I've read Conway's chapter 4-13.
An Eberlein-Smulian Theorem says that if $X$ is a Banach space and $A \subseteq X$, then TFAE.
- Each sequence of elements of $A$ has a weakly convergent subsequence
- Each sequence of elements of $A$ has a weak cluster point
- The weak closure of $A$ is weakly compact
Next, the author leave me to prove the following corollary: If $X$ is a Banach space and $A \subseteq X$, then $A$ is weakly compact iff $A\cap M$ is weakly compact for every separable norm closed subspace $M$ of $X$.
The only if part is easy, since $M$ is convex so weak closed, and so $A\cap M$ is weakly compact.
For the if part, if we assume $A$ is weakly closed, then it sufficies to show every sequence in $A$ has a weakly convergent subsequence, by the Eberlein-Smulian Theorem. Now, if $x_n \in A$, then taking $M = \bar{span(x_n)}^{norm}$, we complete the proof.
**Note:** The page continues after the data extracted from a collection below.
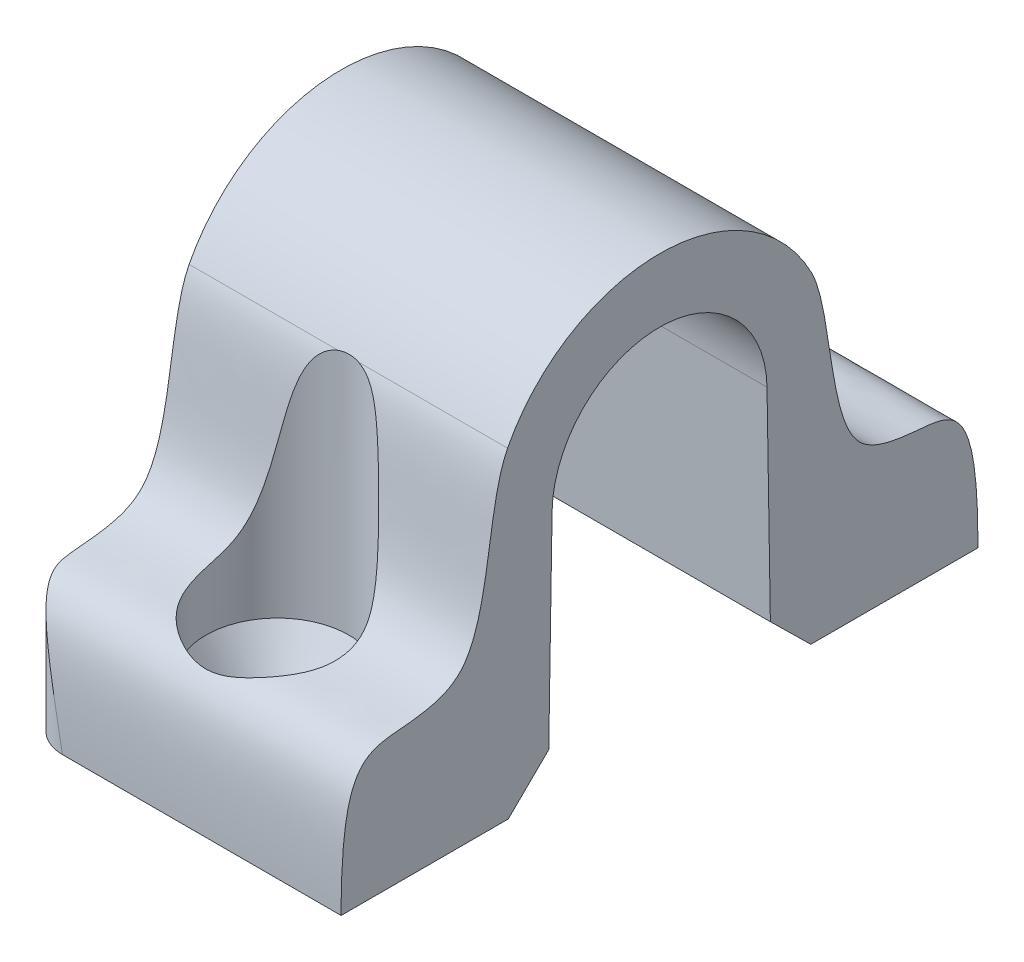
SolidWorks part; units mm, degrees
ref_plane "Front Plane" through (0, 0, 0) normal (0, 0, 1) x (1, 0, 0)
ref_plane "Top Plane" through (0, 0, 0) normal (0, 1, 0) x (1, 0, 0)
ref_plane "Right Plane" through (0, 0, 0) normal (1, 0, 0) x (0, 0, -1)
sketch "Sketch1" plane through (0, 0, 0) normal (1, 0, 0) x (0, 0, -1)
  line L0 (-20, -6.9546) -> (-20, 6.9546) construction
  line L1 (-20, 0) -> (-9.5, 0)
  line L3 (-6.9592, 2.4997) -> (-6.7491, 15.3602)
  line L4 (9.5, 0) -> (20, 0)
  line L5 (6.7491, 15.3602) -> (6.9592, 2.4997)
  line L6 (-7, 0) -> (7, 0) construction
  line L7 (0, 22) -> (0, 0) construction
  line L8 (-9.5, 0) -> (-6.9592, 2.4997)
  line L9 (6.9592, 2.4997) -> (9.5, 0)
  arc A0 (9.5466, 20.1922) -> (-9.5466, 20.1922) centre (0, 15.25) ccw
  arc A1 (6.7491, 15.3602) -> (-6.7491, 15.3602) centre (0, 15.25) ccw
  spline S0 degree 3 poles (-9.5466, 20.1922) (-10.8579, 17.6592) (-10.506, 9.8915) (-17.5342, 7.3235) (-20, 9.8125) (-20, 0) knots 0 0 0 0 0.359294 0.459294 1 1 1 1
  spline S1 degree 3 poles (9.5466, 20.1922) (10.8579, 17.6592) (10.506, 9.8915) (17.5342, 7.3235) (20, 9.8125) (20, 0) knots 0 0 0 0 0.359294 0.459294 1 1 1 1
  point P1 (0, 0)
  point P15 (-14.7484, 11.5439)
  point P16 (0, 0)
  point P17 (-15.6801, 12.9516)
  point P22 (-14.4995, 11.2224)
  point P23 (-15.9153, 8.3536)
  point P25 (-13.2037, 8.9922)
  dimension "D1" = 6.75
  dimension "D4" = 4
  dimension "D2" = 14
  dimension "D3" = 22
  dimension "D5" = 40
extrude "Boss-Extrude1" add sketch "Sketch1" along normal blind 10 and the other way blind 10
sketch "Sketch4" plane through (0, 0, 0) normal (1, 0, 0) x (0, 0, -1)
  line L0 (-12.1, 1) -> (-9.5, 5)
  line L2 (-9.5, 5) -> (-9.5, 20.2812)
  line L3 (-9.5, 20.2812) -> (-14, 20.2812)
  line L4 (-14, 20.2812) -> (-14, 0)
  line L5 (-12.1, 1) -> (-12.1, 0)
  line L6 (-20, 0) -> (-9.5, 0) construction
  line L7 (-12.1, 0) -> (-15.9, 0) construction
  line L9 (-14, 0) -> (-12.1, 0)
  arc A0 (9.5466, 20.1922) -> (-9.5466, 20.1922) centre (0, 15.25) ccw construction
  point P2 (0, 0)
  point P3 (0, 0)
  point P4 (-11.2665, 17.9064)
  point P8 (0, 0)
  point P9 (0, 0)
  point P10 (0, 0)
  point P11 (0, 0)
  point P15 (0, 0)
  point P16 (0, 0)
  point P17 (0, 0)
  point P18 (-14.1133, 0)
  point P20 (-14.1494, 0)
  dimension "D1" = 1.9
  dimension "D2" = 4.5
  dimension "D3" = 4
  dimension "D4" = 1
revolve "Cut-Revolve1" cut sketch "Sketch4" angle 360 about L4
mirror "Mirror1" about plane through (0, 0, 0) normal (0, 0, 1) of "Cut-Revolve1"
sketch "Sketch5" plane through (0, 0, 0) normal (0, -1, 0) x (1, 0, 0)
  line L0 (-10, 20) -> (10, 20) construction
  line L2 (-10, 20) -> (-10, 9.5) construction
  line L3 (-7.5, 20) -> (-10, 20)
  line L4 (-10, 20) -> (-10, 17.5)
  line L5 (-10, 0) -> (10, 0) construction
  line L6 (-10, 6.7491) -> (-10, -6.7491) construction
  line L7 (10, -6.7491) -> (10, 6.7491) construction
  line L8 (-10, -20) -> (-10, -17.5)
  line L9 (-7.5, -20) -> (-10, -20)
  arc A0 (-7.5, 20) -> (-10, 17.5) centre (-7.5, 17.5) ccw
  arc A1 (-7.5, -20) -> (-10, -17.5) centre (-7.5, -17.5) cw
  dimension "D1" = 5
extrude "Cut-Extrude1" cut sketch "Sketch5" against normal through all

However, I can't show $A$ is weakly closed. Can anyone help me to prove this ?
Thank you.
**Edit: By the above span - norm closure argument, we can see $A$ is weakly sequentially compact(That is, every sequence in $A$ has a convergent subsequence whose limit is in $A$). Thus it sufficies to show weakly sequentially compact implies weakly closed. (I already know that weakly sequentially 'closed' does not implies weakly closed).